# Injection ? for sirloin tip roast



## tntxajun (Sep 8, 2009)

Have never injected a sirloin tip but was curious if anyone has and what did ya use? Would appreciate some inspiration for something different with the objective being some knock out sandwiches. Will thin slice after foiling and resting at 135F. Have tried injecting beef before but it had flavor pockets instead of infusing throughout the roast. Was hoping to gain something more uniform if possible.

TIA,
Jack~


----------



## pineywoods (Sep 8, 2009)

I did injected one with cajun injector brand garlic and herb but just got pockets of flavor and I injected it the day before


----------



## mballi3011 (Sep 8, 2009)

I have never injected but if you and piney did and you guys got the same results I think that I won't inject one. To me that beef in too dense a meat for the injection to move though out the meat tissue.


----------



## tntxajun (Sep 8, 2009)

I too felt that it might be too dense to infuse and just leave flavor pockets.
My thought is to either make it Italian style or Southwestern.
thanks for the replies and input.

Jack~


----------



## bigsteve (Sep 8, 2009)

Although I've done it myself, you shouldn't inject raw meat that you're only taking to 135*. You run the risk of pushing microbes into the meat, and 135 isn't enough to Pasteurize them.
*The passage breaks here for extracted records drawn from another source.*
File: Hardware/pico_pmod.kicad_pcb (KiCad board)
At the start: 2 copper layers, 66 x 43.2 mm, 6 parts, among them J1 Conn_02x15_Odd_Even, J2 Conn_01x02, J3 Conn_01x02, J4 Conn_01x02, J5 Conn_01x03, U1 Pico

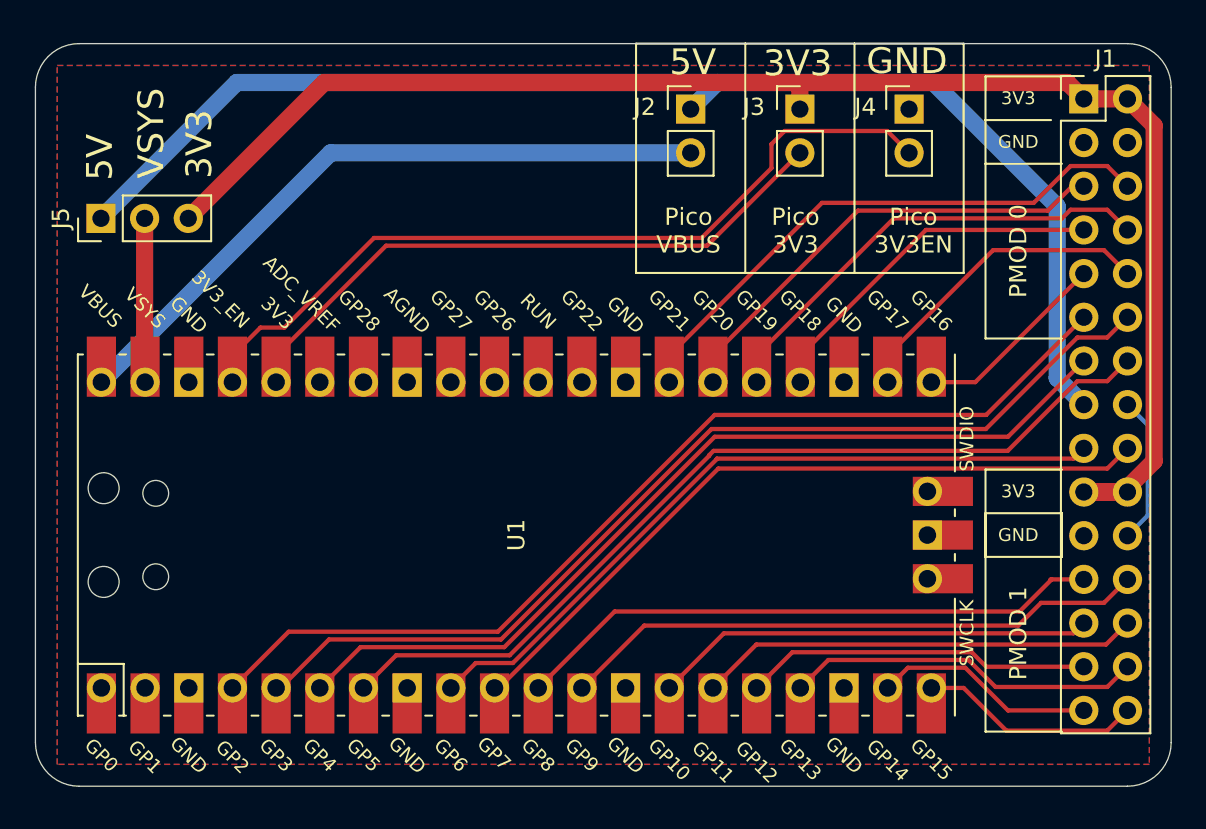
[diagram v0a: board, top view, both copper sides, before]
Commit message: breakout ADC inputs to pins
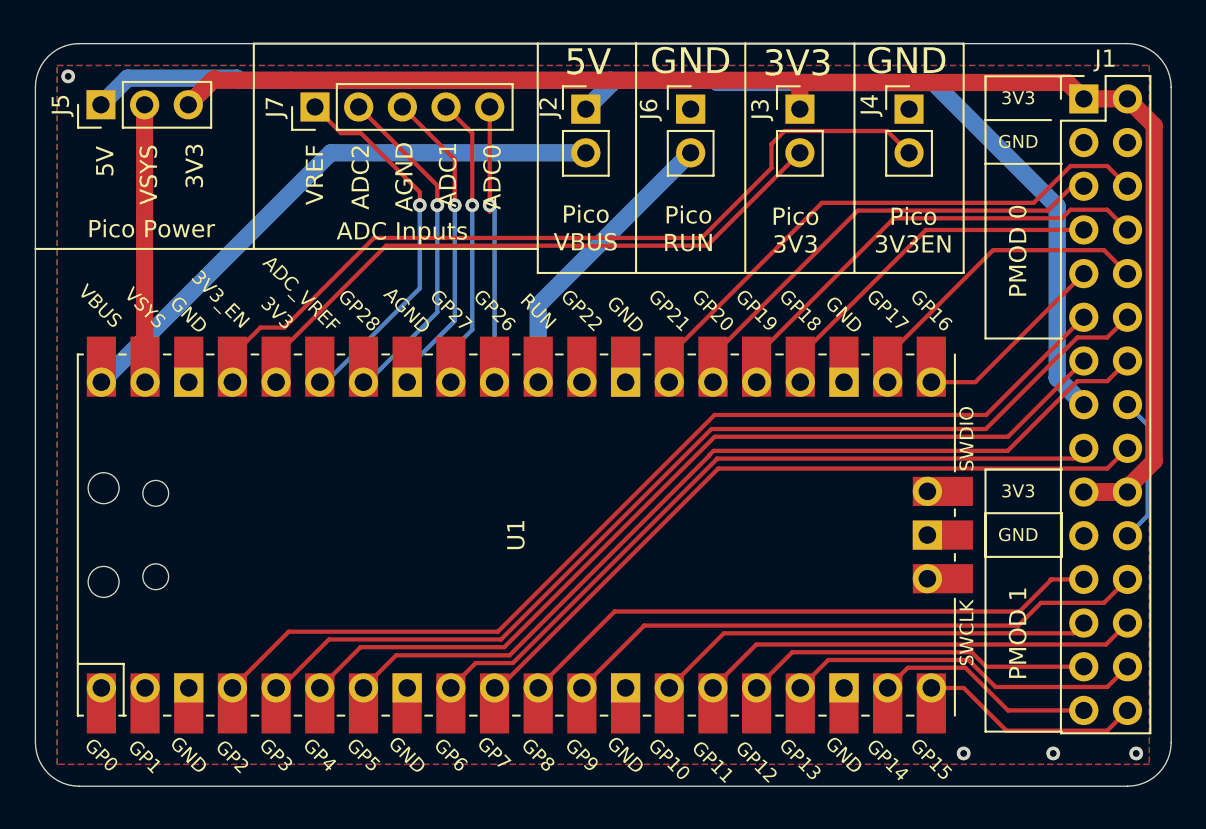
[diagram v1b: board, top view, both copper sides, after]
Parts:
- added J6: Conn_01x02, Connector_PinHeader_2.54mm:PinHeader_1x02_P2.54mm_Vertical, F.Cu at (152.4, 77.5)
- added J7: Conn_01x05, Connector_PinHeader_2.54mm:PinHeader_1x05_P2.54mm_Vertical, F.Cu at (130.6, 77.3)
- moved J5 6.60 mm to (118.1, 77.2)
- moved J2 6.10 mm to (146.3, 77.5)
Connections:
- U1 pad 30: Net-(U1-Pad30) -> Pico_Run
- U1 pad 31: Net-(U1-Pad31) -> ADC0
- U1 pad 32: Net-(U1-Pad32) -> ADC1
- U1 pad 33: Net-(U1-Pad33) -> AGND
- U1 pad 34: Net-(U1-Pad34) -> ADC2
- U1 pad 35: Net-(U1-Pad35) -> ADC_VREF
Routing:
- net ADC_VREF: track 0.00 -> 21.8 mm, vias 0 -> 1
- net ADC2: track 0.00 -> 19.8 mm, vias 0 -> 1
- net AGND: track 0.00 -> 18.4 mm, vias 0 -> 1
- net ADC1: track 0.00 -> 17.4 mm, vias 0 -> 1
- net Pico_Run: track 0.00 -> 17.0 mm
- net ADC0: track 0.00 -> 16.5 mm, vias 0 -> 1
- net Pico_VSYS: track 9.54 -> 16.1 mm
- net Pico_VBUS: track 39.8 -> 33.7 mm
- net +5V: track 76.2 -> 73.9 mm
- net GND: vias 0 -> 4
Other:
- board text added: "ADC Inputs"
- board text added: "ADC0"
- board text added: "ADC1"
- board text added: "ADC2"
- board text added: "AGND"
- board text added: "Pico Power"
- board text added: "Pico RUN"
- board text added: "Raspberry Pico PMod @JamesjHorton JJHorton.co.uk"
- board text added: "VREF"

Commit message: minor silkscreen changes before ordering
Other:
- board text added: "Raspberry Pi Pico PMod @JamesjHorton JJHorton.co.uk"
- board text removed: "Raspberry Pico PMod @JamesjHorton JJHorton.co.uk"
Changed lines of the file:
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@@
       (outputformat 1)
       (mirror false)
-      (drillshape 1)
+      (drillshape 0)
       (scaleselection 1)
       (outputdirectory ""))
@@
     (effects (font (size 1.5 1.5) (thickness 0.3)))
   )
-  (gr_text "Raspberry Pico PMod \n\n@JamesjHorton\nJJHorton.co.uk" (at 146.685 95.25) (layer B.SilkS)
+  (gr_text "Raspberry Pi Pico PMod \n\n@JamesjHorton\nJJHorton.co.uk" (at 144.78 95.25) (layer B.SilkS)
     (effects (font (size 3 3) (thickness 0.45)) (justify mirror))
   )

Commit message: Add Run switch to the PCB
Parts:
- added SW1: SW_Push, Button_Switch_THT:SW_PUSH_6mm_H4.3mm, F.Cu at (116.6, 83.2)
- moved J7 10.8 mm to (141.2, 75.7), turned to 0 degrees
- moved J5 9.02 mm to (125.7, 82.0), turned to 180 degrees
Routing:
- net Pico_Run: track 17.0 -> 58.8 mm, vias 0 -> 1
- net Pico_VBUS: track 33.7 -> 58.8 mm
- net ADC0: track 16.5 -> 7.59 mm, vias 1 -> 0
- net ADC1: track 17.4 -> 11.6 mm, vias 1 -> 0
- net +3V3: track 88.5 -> 83.9 mm
- net +5V: track 73.9 -> 69.7 mm
- net Pico_VSYS: track 16.1 -> 19.9 mm
- net AGND: track 18.4 -> 14.7 mm, vias 1 -> 0
- net ADC2: track 19.8 -> 18.5 mm, vias 1 -> 0
- net GND: track 8.59 -> 9.87 mm, vias 4 -> 3
- net ADC_VREF: track 21.8 -> 22.2 mm, vias 1 -> 0
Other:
- board text added: "Run"

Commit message: Remove Run Header pins
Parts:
- removed J6: Conn_01x02, Connector_PinHeader_2.54mm:PinHeader_1x02_P2.54mm_Vertical
- moved J2 6.22 mm to (152.5, 77.6)
- moved J7 5.02 mm to (136.5, 77.5), turned to 90 degrees
- moved J5 4.62 mm to (126.4, 77.5), turned to 90 degrees
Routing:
- net Pico_Run: track 58.8 -> 39.9 mm
- net ADC0: track 7.59 -> 21.3 mm
- net +3V3: track 83.9 -> 96.7 mm
- net ADC1: track 11.6 -> 19.1 mm
- net Pico_VSYS: track 19.9 -> 23.9 mm
- net AGND: track 14.7 -> 18.2 mm
- net ADC_VREF: track 22.2 -> 19.4 mm
- net Pico_VBUS: track 58.8 -> 56.2 mm
- net +5V: track 69.7 -> 71.1 mm
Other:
- board text removed: "Pico RUN"
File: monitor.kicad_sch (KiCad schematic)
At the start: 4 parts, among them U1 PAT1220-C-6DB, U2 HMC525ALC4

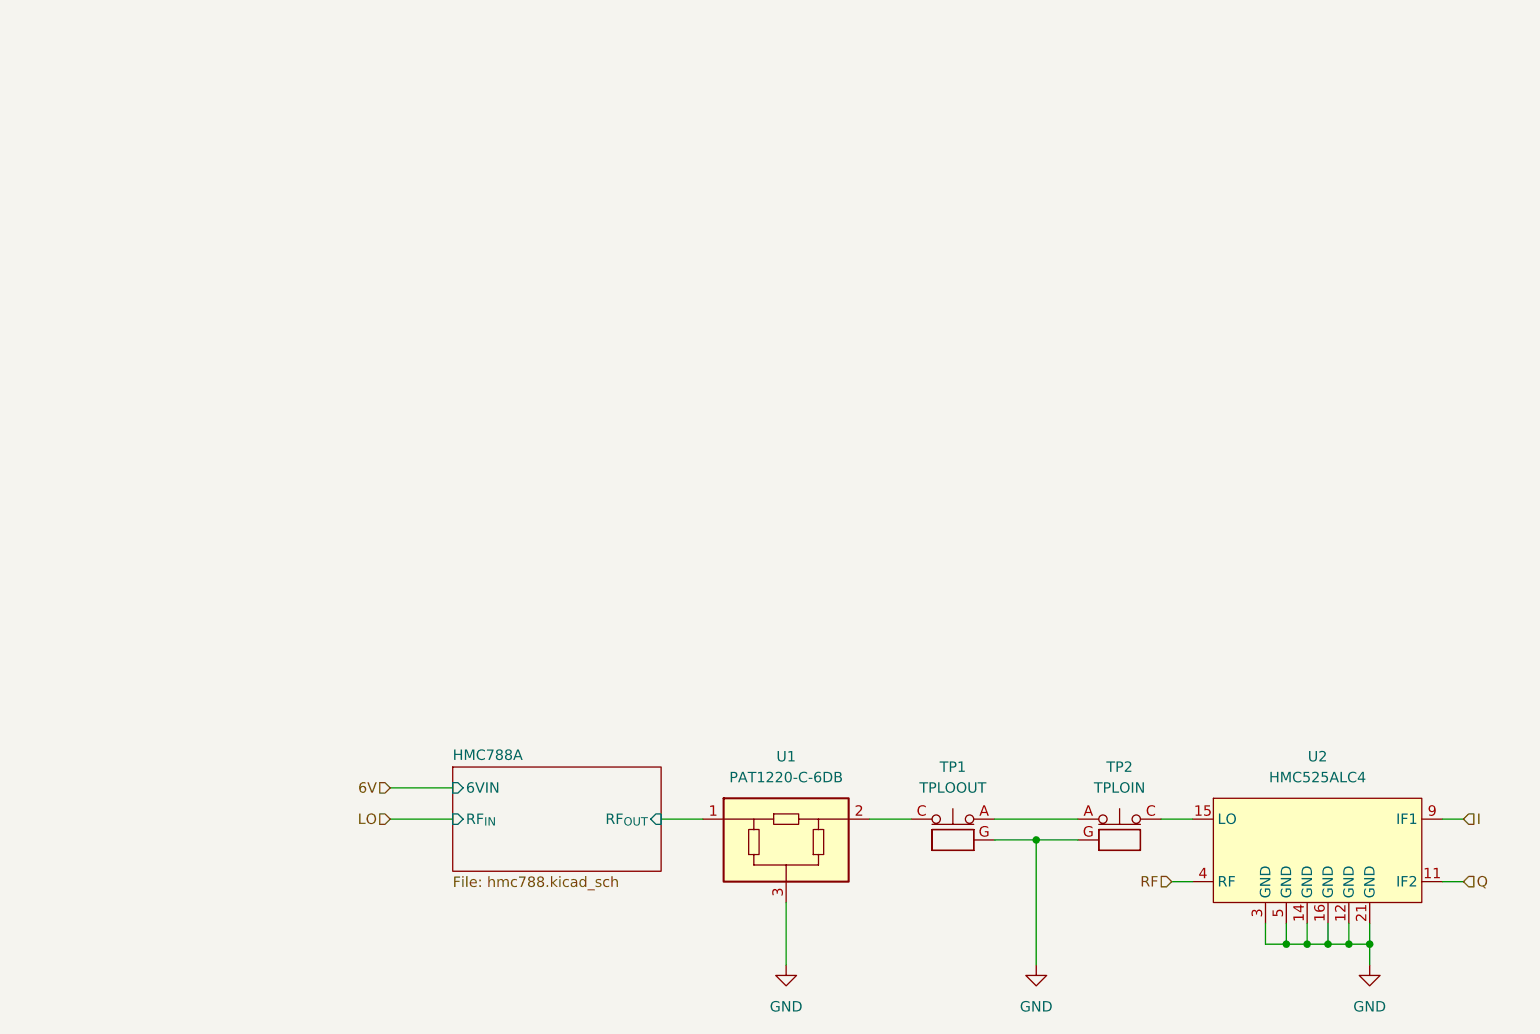
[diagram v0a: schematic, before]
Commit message: Add Clock sources and monitor output
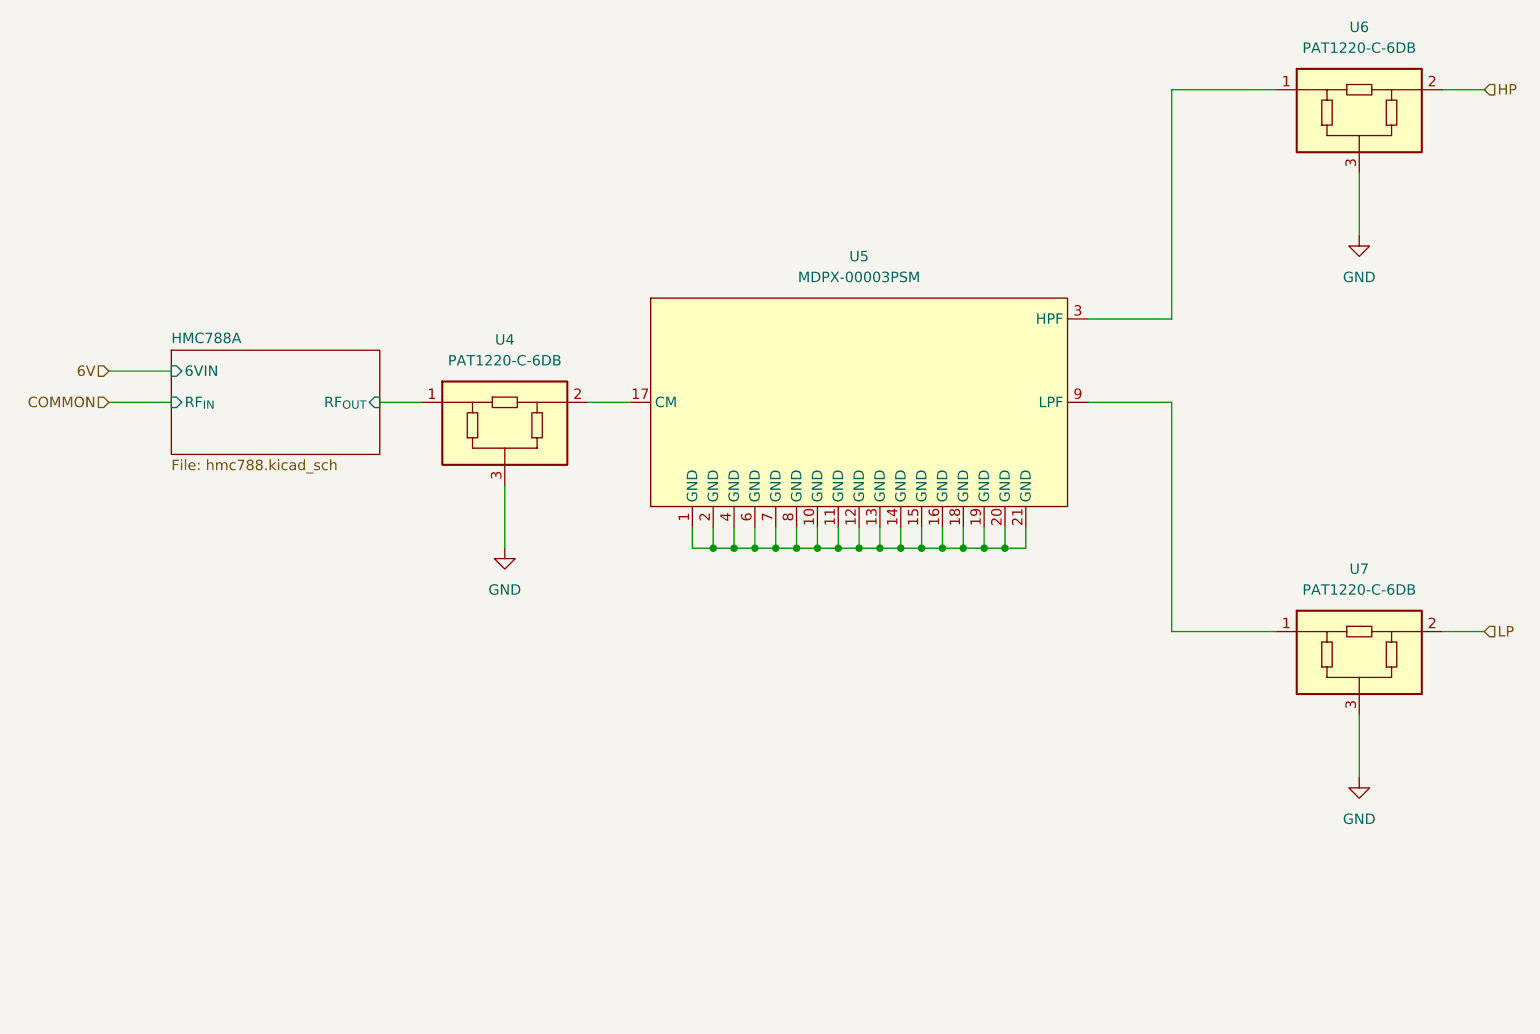
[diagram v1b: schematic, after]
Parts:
- removed TP1: TPLOOUT, Connector_Coaxial:CoaxialSwitch_Hirose_MS-156C3_Horizontal, symbol Connector:CoaxialSwitch_Testpoint
- removed TP2: TPLOIN, Connector_Coaxial:CoaxialSwitch_Hirose_MS-156C3_Horizontal, symbol Connector:CoaxialSwitch_Testpoint
- removed U1: PAT1220-C-6DB, RF_Converter:RF_Attenuator_Susumu_PAT1220, symbol RF:PAT1220-C-6DB
- removed U2: HMC525ALC4, Package_DFN_QFN:QFN-24-1EP_4x4mm_P0.5mm_EP2.7x2.7mm_ThermalVias, symbol huskylib:HMC525ALC4
- added U4, U6, U7: PAT1220-C-6DB, RF_Converter:RF_Attenuator_Susumu_PAT1220, symbol RF:PAT1220-C-6DB
- added U5: MDPX-00003PSM, symbol huskylib:MDPX-00003PSM
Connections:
- net GND: now also U4.3, U6.3, U7.3
- net HMC788A/RF_{OUT}: now also U4.1
- new net: U5.3 (HPF), U6.1
- new net: U5.9 (LPF), U7.1
- new net: U4.2, U5.17 (CM)
- new net: U5.1 (GND), U5.10 (GND), U5.11 (GND), U5.12 (GND), U5.13 (GND), U5.14 (GND), U5.15 (GND), U5.16 (GND), U5.18 (GND), U5.19 (GND), U5.2 (GND), U5.20 (GND), U5.21 (GND), U5.4 (GND), U5.6 (GND), U5.7 (GND), U5.8 (GND)
- new net HP: U6.2
- new net LP: U7.2

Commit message: Round 1 review comments
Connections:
- net GND: now also U5.1 (GND), U5.10 (GND), U5.11 (GND), U5.12 (GND), U5.13 (GND), U5.14 (GND), U5.15 (GND), U5.16 (GND), U5.18 (GND), U5.19 (GND), U5.2 (GND), U5.20 (GND), U5.21 (GND), U5.4 (GND), U5.6 (GND), U5.7 (GND), U5.8 (GND)
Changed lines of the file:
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@@
+	(wire
+		(pts
+			(xy 127 132.08) (xy 127 134.62)
+		)
+		(stroke
+			(width 0)
+			(type default)
+		)
+	)
 	(wire
 		(pts
@@
 		(dnp no)
 		(fields_autoplaced yes)
-		(property "Reference" "#PWR016"
+		(property "Reference" "#PWR019"
 			(at 83.82 138.43 0)
 			(hide yes)
@@
 			(project "huskypointofload"
 				(path "/eb9c972b-d134-41da-be97-ece3f463f7e0/cb2bed6b-53a5-4f58-b70f-ffa107cbb07d"
-					(reference "#PWR016")
+					(reference "#PWR019")
 					(unit 1)
 				)
@@
 		(dnp no)
 		(fields_autoplaced yes)
-		(property "Reference" "#PWR017"
+		(property "Reference" "#PWR020"
 			(at 187.96 100.33 0)
 			(hide yes)
@@
 			(project "huskypointofload"
 				(path "/eb9c972b-d134-41da-be97-ece3f463f7e0/cb2bed6b-53a5-4f58-b70f-ffa107cbb07d"
-					(reference "#PWR017")
+					(reference "#PWR020")
+					(unit 1)
+				)
+			)
+		)
+	)
+	(symbol
+		(lib_id "power:GND")
+		(at 127 134.62 0)
+		(unit 1)
+		(body_style 1)
+		(exclude_from_sim no)
+		(in_bom yes)
+		(on_board yes)
+		(in_pos_files yes)
+		(dnp no)
+		(fields_autoplaced yes)
+		(property "Reference" "#PWR0319"
+			(at 127 140.97 0)
+			(hide yes)
+			(show_name no)
+			(do_not_autoplace no)
+			(effects
+				(font
+					(size 1.27 1.27)
+				)
+			)
+		)
+		(property "Value" "GND"
+			(at 127 139.7 0)
+			(show_name no)
+			(do_not_autoplace no)
+			(effects
+				(font
+					(size 1.27 1.27)
+				)
+			)
+		)
+		(property "Footprint" ""
+			(at 127 134.62 0)
+			(hide yes)
+			(show_name no)
+			(do_not_autoplace no)
+			(effects
+				(font
+					(size 1.27 1.27)
+				)
+			)
+		)
+		(property "Datasheet" ""
+			(at 127 134.62 0)
+			(hide yes)
+			(show_name no)
+			(do_not_autoplace no)
+			(effects
+				(font
+					(size 1.27 1.27)
+				)
+			)
+		)
+		(property "Description" "Power symbol creates a global label with name \"GND\" , ground"
+			(at 127 134.62 0)
+			(hide yes)
+			(show_name no)
+			(do_not_autoplace no)
+			(effects
+				(font
+					(size 1.27 1.27)
+				)
+			)
+		)
+		(pin "1"
+		)
+		(instances
+			(project "huskypointofload"
+				(path "/eb9c972b-d134-41da-be97-ece3f463f7e0/cb2bed6b-53a5-4f58-b70f-ffa107cbb07d"
+					(reference "#PWR0319")
 					(unit 1)
 				)
@@
 		(dnp no)
 		(fields_autoplaced yes)
-		(property "Reference" "#PWR018"
+		(property "Reference" "#PWR021"
 			(at 187.96 166.37 0)
 			(hide yes)
@@
 			(project "huskypointofload"
 				(path "/eb9c972b-d134-41da-be97-ece3f463f7e0/cb2bed6b-53a5-4f58-b70f-ffa107cbb07d"
-					(reference "#PWR018")
+					(reference "#PWR021")
 					(unit 1)
 				)

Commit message: Round 2 Review, power tree cleanup
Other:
- sheet HMC788A ports: added 5VIN; removed 6VIN
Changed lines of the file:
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@@
 		)
 	)
-	(hierarchical_label "6V"
+	(hierarchical_label "5V"
 		(shape input)
 		(at 35.56 110.49 180)
@@
 		(dnp no)
 		(fields_autoplaced yes)
-		(property "Reference" "#PWR019"
+		(property "Reference" "#PWR022"
 			(at 83.82 138.43 0)
 			(hide yes)
@@
 			(project "huskypointofload"
 				(path "/eb9c972b-d134-41da-be97-ece3f463f7e0/cb2bed6b-53a5-4f58-b70f-ffa107cbb07d"
-					(reference "#PWR019")
+					(reference "#PWR022")
 					(unit 1)
 				)
@@
 		(dnp no)
 		(fields_autoplaced yes)
-		(property "Reference" "#PWR020"
+		(property "Reference" "#PWR024"
 			(at 187.96 100.33 0)
 			(hide yes)
@@
 			(project "huskypointofload"
 				(path "/eb9c972b-d134-41da-be97-ece3f463f7e0/cb2bed6b-53a5-4f58-b70f-ffa107cbb07d"
-					(reference "#PWR020")
+					(reference "#PWR024")
 					(unit 1)
 				)
@@
 		(dnp no)
 		(fields_autoplaced yes)
-		(property "Reference" "#PWR0319"
+		(property "Reference" "#PWR023"
 			(at 127 140.97 0)
 			(hide yes)
@@
 			(project "huskypointofload"
 				(path "/eb9c972b-d134-41da-be97-ece3f463f7e0/cb2bed6b-53a5-4f58-b70f-ffa107cbb07d"
-					(reference "#PWR0319")
+					(reference "#PWR023")
 					(unit 1)
 				)
@@
 		(dnp no)
 		(fields_autoplaced yes)
-		(property "Reference" "#PWR021"
+		(property "Reference" "#PWR025"
 			(at 187.96 166.37 0)
 			(hide yes)
@@
 			(project "huskypointofload"
 				(path "/eb9c972b-d134-41da-be97-ece3f463f7e0/cb2bed6b-53a5-4f58-b70f-ffa107cbb07d"
-					(reference "#PWR021")
+					(reference "#PWR025")
 					(unit 1)
 				)
@@
 			)
 		)
-		(pin "6VIN" input
-			(at 43.18 110.49 180)
-			(effects
-				(font
-					(size 1.27 1.27)
-				)
-				(justify left)
-			)
-		)
 		(pin "RF_{IN}" input
 			(at 43.18 114.3 180)
@@
 			)
 		)
+		(pin "5VIN" input
+			(at 43.18 110.49 180)
+			(effects
+				(font
+					(size 1.27 1.27)
+				)
+				(justify left)
+			)
+		)

This has been a public service announcement from your neighborhood Q-guy.


----------



## pineywoods (Sep 8, 2009)

Personally I take mine to 140 then foil and rest them


----------



## shooterrick (Sep 8, 2009)

Well if ya foil at 140-145 you will still get a 10-15 degree temp climb before it goes the other way.  I inject all my beef with 1 cup beef broth from a can mixed with my rub at about 2 tbs per rate.  Lots of compliments on my briskets and such and in fact I inject everything but ribs.


----------



## tntxajun (Sep 8, 2009)

I double wrap in HD foil @135-137 and the carry over temp swings it to almost 145-48 after sitting in a turned off pre-heated oven.
I am most cautious to be above 140. Was seeing if any one was successful
with injecting this cut of roast.

Thank you for your reply,

Jack~


----------